Sometimes you have no time to practice at all.

The biggest tip I can give you for such situations, that sort of simplifies the 30-minute daily routine I showed you earlier is:

The rule of 10's is a fairly simple concept—organize your saxophone practice routine into three quick 10-minute sessions.

Set a timer for 10 minutes and practice tone exercises, then set it for another 10 minutes and do your technical stuff, and then finally set it for 10 minutes and just play music.

After this, you can put the horn aside and do something else for a little while and then come back when you free your schedule up a bit.

You get your half our daily session divided into three 10 minute sections. That's as simple and balanced as you can get with your saxophone practice.

Tip #5 — Plan Your Practicing for Just the Week (When Working Around an Unpredictable Schedule)

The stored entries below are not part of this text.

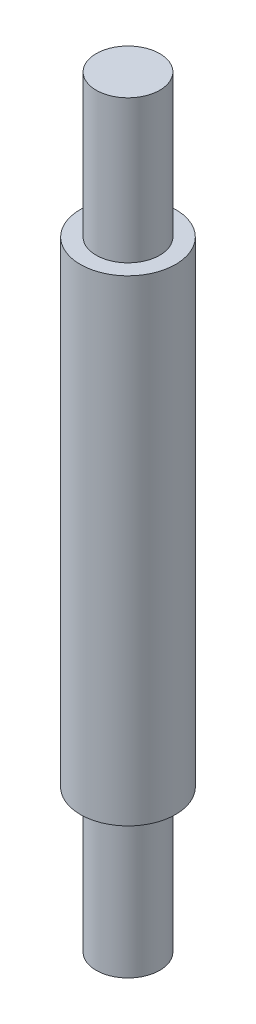
ISO-10303-21;
HEADER;
FILE_DESCRIPTION(('STEP AP214'),'2;1');
FILE_NAME('part.step','',(''),(''),'','','');
FILE_SCHEMA(('AUTOMOTIVE_DESIGN { 1 0 10303 214 1 1 1 1 }'));
ENDSEC;
DATA;
#1=APPLICATION_CONTEXT('core data for automotive mechanical design processes');
#2=APPLICATION_PROTOCOL_DEFINITION('international standard','automotive_design',2000,#1);
#3=PRODUCT_CONTEXT('',#1,'mechanical');
#4=PRODUCT('Part','Part','',(#3));
#5=PRODUCT_RELATED_PRODUCT_CATEGORY('part','',(#4));
#6=PRODUCT_DEFINITION_FORMATION('','',#4);
#7=PRODUCT_DEFINITION_CONTEXT('part definition',#1,'design');
#8=PRODUCT_DEFINITION('design','',#6,#7);
#9=PRODUCT_DEFINITION_SHAPE('','',#8);
#10=(LENGTH_UNIT() NAMED_UNIT(*) SI_UNIT(.MILLI.,.METRE.));
#11=(NAMED_UNIT(*) PLANE_ANGLE_UNIT() SI_UNIT($,.RADIAN.));
#12=(NAMED_UNIT(*) SI_UNIT($,.STERADIAN.) SOLID_ANGLE_UNIT());
#13=UNCERTAINTY_MEASURE_WITH_UNIT(LENGTH_MEASURE(1.E-05),#10,'distance_accuracy_value','');
#14=(GEOMETRIC_REPRESENTATION_CONTEXT(3) GLOBAL_UNCERTAINTY_ASSIGNED_CONTEXT((#13)) GLOBAL_UNIT_ASSIGNED_CONTEXT((#10,
#11,#12)) REPRESENTATION_CONTEXT('',''));
#15=CARTESIAN_POINT('',(0.,0.,0.));
#16=DIRECTION('',(0.,0.,1.));
#17=DIRECTION('',(1.,0.,0.));
#18=AXIS2_PLACEMENT_3D('',#15,#16,#17);
#19=CARTESIAN_POINT('',(0.,75.,0.));
#20=DIRECTION('',(0.,-1.,0.));
#21=DIRECTION('',(0.,0.,-1.));
#22=AXIS2_PLACEMENT_3D('',#19,#20,#21);
#23=CYLINDRICAL_SURFACE('',#22,15.);
#24=CARTESIAN_POINT('',(0.,75.,0.));
#25=DIRECTION('',(0.,1.,0.));
#26=DIRECTION('',(0.,0.,1.));
#27=AXIS2_PLACEMENT_3D('',#24,#25,#26);
#28=CIRCLE('',#27,15.);
#29=CARTESIAN_POINT('',(0.,75.,15.));
#30=VERTEX_POINT('',#29);
#31=EDGE_CURVE('E44',#30,#30,#28,.T.);
#32=ORIENTED_EDGE('',*,*,#31,.F.);
#33=EDGE_LOOP('',(#32));
#34=FACE_BOUND('',#33,.T.);
#35=CARTESIAN_POINT('',(0.,-75.,0.));
#36=DIRECTION('',(0.,1.,0.));
#37=DIRECTION('',(0.,0.,1.));
#38=AXIS2_PLACEMENT_3D('',#35,#36,#37);
#39=CIRCLE('',#38,15.);
#40=CARTESIAN_POINT('',(0.,-75.,15.));
#41=VERTEX_POINT('',#40);
#42=EDGE_CURVE('E40',#41,#41,#39,.T.);
#43=ORIENTED_EDGE('',*,*,#42,.T.);
#44=EDGE_LOOP('',(#43));
#45=FACE_BOUND('',#44,.T.);
#46=ADVANCED_FACE('F37',(#34,#45),#23,.T.);
#47=CARTESIAN_POINT('',(0.,75.,0.));
#48=DIRECTION('',(0.,1.,0.));
#49=DIRECTION('',(0.,0.,1.));
#50=AXIS2_PLACEMENT_3D('',#47,#48,#49);
#51=PLANE('',#50);
#52=CARTESIAN_POINT('',(0.,75.,0.));
#53=DIRECTION('',(0.,1.,0.));
#54=DIRECTION('',(0.,0.,1.));
#55=AXIS2_PLACEMENT_3D('',#52,#53,#54);
#56=CIRCLE('',#55,10.);
#57=CARTESIAN_POINT('',(0.,75.,-10.));
#58=VERTEX_POINT('',#57);
#59=EDGE_CURVE('E10',#58,#58,#56,.T.);
#60=ORIENTED_EDGE('',*,*,#59,.F.);
#61=EDGE_LOOP('',(#60));
#62=FACE_BOUND('',#61,.T.);
#63=ORIENTED_EDGE('',*,*,#31,.T.);
#64=EDGE_LOOP('',(#63));
#65=FACE_BOUND('',#64,.T.);
#66=ADVANCED_FACE('F72',(#62,#65),#51,.T.);
#67=CARTESIAN_POINT('',(0.,-75.,0.));
#68=DIRECTION('',(0.,1.,0.));
#69=DIRECTION('',(0.,0.,1.));
#70=AXIS2_PLACEMENT_3D('',#67,#68,#69);
#71=PLANE('',#70);
#72=CARTESIAN_POINT('',(0.,-75.,0.));
#73=DIRECTION('',(0.,1.,0.));
#74=DIRECTION('',(0.,0.,1.));
#75=AXIS2_PLACEMENT_3D('',#72,#73,#74);
#76=CIRCLE('',#75,10.);
#77=CARTESIAN_POINT('',(0.,-75.,10.));
#78=VERTEX_POINT('',#77);
#79=EDGE_CURVE('E54',#78,#78,#76,.T.);
#80=ORIENTED_EDGE('',*,*,#79,.T.);
#81=EDGE_LOOP('',(#80));
#82=FACE_BOUND('',#81,.T.);
#83=ORIENTED_EDGE('',*,*,#42,.F.);
#84=EDGE_LOOP('',(#83));
#85=FACE_BOUND('',#84,.T.);
#86=ADVANCED_FACE('F77',(#82,#85),#71,.F.);
#87=CARTESIAN_POINT('',(0.,120.,0.));
#88=DIRECTION('',(0.,-1.,0.));
#89=DIRECTION('',(0.,0.,-1.));
#90=AXIS2_PLACEMENT_3D('',#87,#88,#89);
#91=CYLINDRICAL_SURFACE('',#90,10.);
#92=CARTESIAN_POINT('',(0.,120.,0.));
#93=DIRECTION('',(0.,1.,0.));
#94=DIRECTION('',(0.,0.,1.));
#95=AXIS2_PLACEMENT_3D('',#92,#93,#94);
#96=CIRCLE('',#95,10.);
#97=CARTESIAN_POINT('',(0.,120.,-10.));
#98=VERTEX_POINT('',#97);
#99=EDGE_CURVE('E50',#98,#98,#96,.T.);
#100=CARTESIAN_POINT('',(0.,120.,-10.));
#101=CARTESIAN_POINT('',(0.,119.53125,-10.));
#102=CARTESIAN_POINT('',(0.,119.0625,-10.));
#103=CARTESIAN_POINT('',(0.,118.125,-10.));
#104=CARTESIAN_POINT('',(0.,117.65625,-10.));
#105=CARTESIAN_POINT('',(0.,116.71875,-10.));
#106=CARTESIAN_POINT('',(0.,116.25,-10.));
#107=CARTESIAN_POINT('',(0.,115.3125,-10.));
#108=CARTESIAN_POINT('',(0.,114.84375,-10.));
#109=CARTESIAN_POINT('',(0.,113.90625,-10.));
#110=CARTESIAN_POINT('',(0.,113.4375,-10.));
#111=CARTESIAN_POINT('',(0.,112.5,-10.));
#112=CARTESIAN_POINT('',(0.,112.03125,-10.));
#113=CARTESIAN_POINT('',(0.,111.09375,-10.));
#114=CARTESIAN_POINT('',(0.,110.625,-10.));
#115=CARTESIAN_POINT('',(0.,109.6875,-10.));
#116=CARTESIAN_POINT('',(0.,109.21875,-10.));
#117=CARTESIAN_POINT('',(0.,108.28125,-10.));
#118=CARTESIAN_POINT('',(0.,107.8125,-10.));
#119=CARTESIAN_POINT('',(0.,106.875,-10.));
#120=CARTESIAN_POINT('',(0.,106.40625,-10.));
#121=CARTESIAN_POINT('',(0.,105.46875,-10.));
#122=CARTESIAN_POINT('',(0.,105.,-10.));
#123=CARTESIAN_POINT('',(0.,104.0625,-10.));
#124=CARTESIAN_POINT('',(0.,103.59375,-10.));
#125=CARTESIAN_POINT('',(0.,102.65625,-10.));
#126=CARTESIAN_POINT('',(0.,102.1875,-10.));
#127=CARTESIAN_POINT('',(0.,101.25,-10.));
#128=CARTESIAN_POINT('',(0.,100.78125,-10.));
#129=CARTESIAN_POINT('',(0.,99.84375,-10.));
#130=CARTESIAN_POINT('',(0.,99.375,-10.));
#131=CARTESIAN_POINT('',(0.,98.4375,-10.));
#132=CARTESIAN_POINT('',(0.,97.96875,-10.));
#133=CARTESIAN_POINT('',(0.,97.03125,-10.));
#134=CARTESIAN_POINT('',(0.,96.5625,-10.));
#135=CARTESIAN_POINT('',(0.,95.625,-10.));
#136=CARTESIAN_POINT('',(0.,95.15625,-10.));
#137=CARTESIAN_POINT('',(0.,94.21875,-10.));
#138=CARTESIAN_POINT('',(0.,93.75,-10.));
#139=CARTESIAN_POINT('',(0.,92.8125,-10.));
#140=CARTESIAN_POINT('',(0.,92.34375,-10.));
#141=CARTESIAN_POINT('',(0.,91.40625,-10.));
#142=CARTESIAN_POINT('',(0.,90.9375,-10.));
#143=CARTESIAN_POINT('',(0.,90.,-10.));
#144=CARTESIAN_POINT('',(0.,89.53125,-10.));
#145=CARTESIAN_POINT('',(0.,88.59375,-10.));
#146=CARTESIAN_POINT('',(0.,88.125,-10.));
#147=CARTESIAN_POINT('',(0.,87.1875,-10.));
#148=CARTESIAN_POINT('',(0.,86.71875,-10.));
#149=CARTESIAN_POINT('',(0.,85.78125,-10.));
#150=CARTESIAN_POINT('',(0.,85.3125,-10.));
#151=CARTESIAN_POINT('',(0.,84.375,-10.));
#152=CARTESIAN_POINT('',(0.,83.90625,-10.));
#153=CARTESIAN_POINT('',(0.,82.96875,-10.));
#154=CARTESIAN_POINT('',(0.,82.5,-10.));
#155=CARTESIAN_POINT('',(0.,81.5625,-10.));
#156=CARTESIAN_POINT('',(0.,81.09375,-10.));
#157=CARTESIAN_POINT('',(0.,80.15625,-10.));
#158=CARTESIAN_POINT('',(0.,79.6875,-10.));
#159=CARTESIAN_POINT('',(0.,78.75,-10.));
#160=CARTESIAN_POINT('',(0.,78.28125,-10.));
#161=CARTESIAN_POINT('',(0.,77.34375,-10.));
#162=CARTESIAN_POINT('',(0.,76.875,-10.));
#163=CARTESIAN_POINT('',(0.,75.9375,-10.));
#164=CARTESIAN_POINT('',(0.,75.46875,-10.));
#165=CARTESIAN_POINT('',(0.,75.,-10.));
#166=B_SPLINE_CURVE_WITH_KNOTS('',3,(#100,#101,#102,#103,#104,#105,#106,#107,#108,#109,#110,
#111,#112,#113,#114,#115,#116,#117,#118,#119,#120,#121,#122,#123,#124,#125,#126,#127,#128,#129,
#130,#131,#132,#133,#134,#135,#136,#137,#138,#139,#140,#141,#142,#143,#144,#145,#146,#147,#148,
#149,#150,#151,#152,#153,#154,#155,#156,#157,#158,#159,#160,#161,#162,#163,#164,#165),
.UNSPECIFIED.,.F.,.F.,(4,2,2,2,2,2,2,2,2,2,2,2,2,2,2,2,2,2,2,2,2,2,2,2,2,2,2,2,2,2,2,2,4),(0.,
1.40625000000001,2.81250000000001,4.21875000000001,5.62500000000001,7.03125,8.4375,
9.84375000000001,11.25,12.65625,14.0625,15.46875,16.875,18.28125,19.6875,21.09375,22.5,23.90625,
25.3125,26.71875,28.125,29.53125,30.9375,32.34375,33.75,35.15625,36.5625,37.96875,39.375,
40.78125,42.1875,43.59375,45.),.UNSPECIFIED.);
#167=EDGE_CURVE('BSEAM86',#98,#58,#166,.T.);
#168=ORIENTED_EDGE('',*,*,#99,.F.);
#169=ORIENTED_EDGE('',*,*,#59,.T.);
#170=ORIENTED_EDGE('',*,*,#167,.T.);
#171=ORIENTED_EDGE('',*,*,#167,.F.);
#172=EDGE_LOOP('',(#168,#170,#169,#171));
#173=FACE_BOUND('',#172,.T.);
#174=ADVANCED_FACE('F86',(#173),#91,.T.);
#175=CARTESIAN_POINT('',(0.,120.,0.));
#176=DIRECTION('',(0.,1.,0.));
#177=DIRECTION('',(0.,0.,1.));
#178=AXIS2_PLACEMENT_3D('',#175,#176,#177);
#179=PLANE('',#178);
#180=ORIENTED_EDGE('',*,*,#99,.T.);
#181=EDGE_LOOP('',(#180));
#182=FACE_BOUND('',#181,.T.);
#183=ADVANCED_FACE('F69',(#182),#179,.T.);
#184=CARTESIAN_POINT('',(0.,-120.,0.));
#185=DIRECTION('',(0.,1.,0.));
#186=DIRECTION('',(0.,0.,1.));
#187=AXIS2_PLACEMENT_3D('',#184,#185,#186);
#188=CYLINDRICAL_SURFACE('',#187,10.);
#189=CARTESIAN_POINT('',(0.,-120.,0.));
#190=DIRECTION('',(0.,1.,0.));
#191=DIRECTION('',(0.,0.,1.));
#192=AXIS2_PLACEMENT_3D('',#189,#190,#191);
#193=CIRCLE('',#192,10.);
#194=CARTESIAN_POINT('',(0.,-120.,10.));
#195=VERTEX_POINT('',#194);
#196=EDGE_CURVE('E53',#195,#195,#193,.T.);
#197=CARTESIAN_POINT('',(0.,-120.,10.));
#198=CARTESIAN_POINT('',(0.,-119.53125,10.));
#199=CARTESIAN_POINT('',(0.,-119.0625,10.));
#200=CARTESIAN_POINT('',(0.,-118.125,10.));
#201=CARTESIAN_POINT('',(0.,-117.65625,10.));
#202=CARTESIAN_POINT('',(0.,-116.71875,10.));
#203=CARTESIAN_POINT('',(0.,-116.25,10.));
#204=CARTESIAN_POINT('',(0.,-115.3125,10.));
#205=CARTESIAN_POINT('',(0.,-114.84375,10.));
#206=CARTESIAN_POINT('',(0.,-113.90625,10.));
#207=CARTESIAN_POINT('',(0.,-113.4375,10.));
#208=CARTESIAN_POINT('',(0.,-112.5,10.));
#209=CARTESIAN_POINT('',(0.,-112.03125,10.));
#210=CARTESIAN_POINT('',(0.,-111.09375,10.));
#211=CARTESIAN_POINT('',(0.,-110.625,10.));
#212=CARTESIAN_POINT('',(0.,-109.6875,10.));
#213=CARTESIAN_POINT('',(0.,-109.21875,10.));
#214=CARTESIAN_POINT('',(0.,-108.28125,10.));
#215=CARTESIAN_POINT('',(0.,-107.8125,10.));
#216=CARTESIAN_POINT('',(0.,-106.875,10.));
#217=CARTESIAN_POINT('',(0.,-106.40625,10.));
#218=CARTESIAN_POINT('',(0.,-105.46875,10.));
#219=CARTESIAN_POINT('',(0.,-105.,10.));
#220=CARTESIAN_POINT('',(0.,-104.0625,10.));
#221=CARTESIAN_POINT('',(0.,-103.59375,10.));
#222=CARTESIAN_POINT('',(0.,-102.65625,10.));
#223=CARTESIAN_POINT('',(0.,-102.1875,10.));
#224=CARTESIAN_POINT('',(0.,-101.25,10.));
#225=CARTESIAN_POINT('',(0.,-100.78125,10.));
#226=CARTESIAN_POINT('',(0.,-99.84375,10.));
#227=CARTESIAN_POINT('',(0.,-99.375,10.));
#228=CARTESIAN_POINT('',(0.,-98.4375,10.));
#229=CARTESIAN_POINT('',(0.,-97.96875,10.));
#230=CARTESIAN_POINT('',(0.,-97.03125,10.));
#231=CARTESIAN_POINT('',(0.,-96.5625,10.));
#232=CARTESIAN_POINT('',(0.,-95.625,10.));
#233=CARTESIAN_POINT('',(0.,-95.15625,10.));
#234=CARTESIAN_POINT('',(0.,-94.21875,10.));
#235=CARTESIAN_POINT('',(0.,-93.75,10.));
#236=CARTESIAN_POINT('',(0.,-92.8125,10.));
#237=CARTESIAN_POINT('',(0.,-92.34375,10.));
#238=CARTESIAN_POINT('',(0.,-91.40625,10.));
#239=CARTESIAN_POINT('',(0.,-90.9375,10.));
#240=CARTESIAN_POINT('',(0.,-90.,10.));
#241=CARTESIAN_POINT('',(0.,-89.53125,10.));
#242=CARTESIAN_POINT('',(0.,-88.59375,10.));
#243=CARTESIAN_POINT('',(0.,-88.125,10.));
#244=CARTESIAN_POINT('',(0.,-87.1875,10.));
#245=CARTESIAN_POINT('',(0.,-86.71875,10.));
#246=CARTESIAN_POINT('',(0.,-85.78125,10.));
#247=CARTESIAN_POINT('',(0.,-85.3125,10.));
#248=CARTESIAN_POINT('',(0.,-84.375,10.));
#249=CARTESIAN_POINT('',(0.,-83.90625,10.));
#250=CARTESIAN_POINT('',(0.,-82.96875,10.));
#251=CARTESIAN_POINT('',(0.,-82.5,10.));
#252=CARTESIAN_POINT('',(0.,-81.5625,10.));
#253=CARTESIAN_POINT('',(0.,-81.09375,10.));
#254=CARTESIAN_POINT('',(0.,-80.15625,10.));
#255=CARTESIAN_POINT('',(0.,-79.6875,10.));
#256=CARTESIAN_POINT('',(0.,-78.75,10.));
#257=CARTESIAN_POINT('',(0.,-78.28125,10.));
#258=CARTESIAN_POINT('',(0.,-77.34375,10.));
#259=CARTESIAN_POINT('',(0.,-76.875,10.));
#260=CARTESIAN_POINT('',(0.,-75.9375,10.));
#261=CARTESIAN_POINT('',(0.,-75.46875,10.));
#262=CARTESIAN_POINT('',(0.,-75.,10.));
#263=B_SPLINE_CURVE_WITH_KNOTS('',3,(#197,#198,#199,#200,#201,#202,#203,#204,#205,#206,#207,
#208,#209,#210,#211,#212,#213,#214,#215,#216,#217,#218,#219,#220,#221,#222,#223,#224,#225,#226,
#227,#228,#229,#230,#231,#232,#233,#234,#235,#236,#237,#238,#239,#240,#241,#242,#243,#244,#245,
#246,#247,#248,#249,#250,#251,#252,#253,#254,#255,#256,#257,#258,#259,#260,#261,#262),
.UNSPECIFIED.,.F.,.F.,(4,2,2,2,2,2,2,2,2,2,2,2,2,2,2,2,2,2,2,2,2,2,2,2,2,2,2,2,2,2,2,2,4),(0.,
1.40625000000001,2.81250000000001,4.21875000000001,5.62500000000001,7.03125,8.4375,
9.84375000000001,11.25,12.65625,14.0625,15.46875,16.875,18.28125,19.6875,21.09375,22.5,23.90625,
25.3125,26.71875,28.125,29.53125,30.9375,32.34375,33.75,35.15625,36.5625,37.96875,39.375,
40.78125,42.1875,43.59375,45.),.UNSPECIFIED.);
#264=EDGE_CURVE('BSEAM60',#195,#78,#263,.T.);
#265=ORIENTED_EDGE('',*,*,#196,.T.);
#266=ORIENTED_EDGE('',*,*,#79,.F.);
#267=ORIENTED_EDGE('',*,*,#264,.T.);
#268=ORIENTED_EDGE('',*,*,#264,.F.);
#269=EDGE_LOOP('',(#265,#267,#266,#268));
#270=FACE_BOUND('',#269,.T.);
#271=ADVANCED_FACE('F60',(#270),#188,.T.);
#272=CARTESIAN_POINT('',(0.,-120.,0.));
#273=DIRECTION('',(0.,-1.,0.));
#274=DIRECTION('',(0.,0.,1.));
#275=AXIS2_PLACEMENT_3D('',#272,#273,#274);
#276=PLANE('',#275);
#277=ORIENTED_EDGE('',*,*,#196,.F.);
#278=EDGE_LOOP('',(#277));
#279=FACE_BOUND('',#278,.T.);
#280=ADVANCED_FACE('F63',(#279),#276,.T.);
#281=CLOSED_SHELL('',(#46,#66,#86,#174,#183,#271,#280));
#282=MANIFOLD_SOLID_BREP('B2',#281);
#283=ADVANCED_BREP_SHAPE_REPRESENTATION('',(#18,#282),#14);
#284=SHAPE_DEFINITION_REPRESENTATION(#9,#283);
ENDSEC;
END-ISO-10303-21;

Ideally, when you practice your saxophone, you want to practice at the same time every day.

The reason for this is so that you develop it into a daily habit, but sometimes that is not possible because you are working with a changing or an unpredictable schedule.

This might be because of whatever reason, you are traveling, for instance.

This tip is really simple—try to get a week ahead in your planning, even when your schedule is predictable. Then hold yourself to it.

Planning on the moment, just when our schedule frees up is completely unreliable. You need some sort of plan in place and the best way to approach that is to chop up your plans and try to fit them into your schedule this way.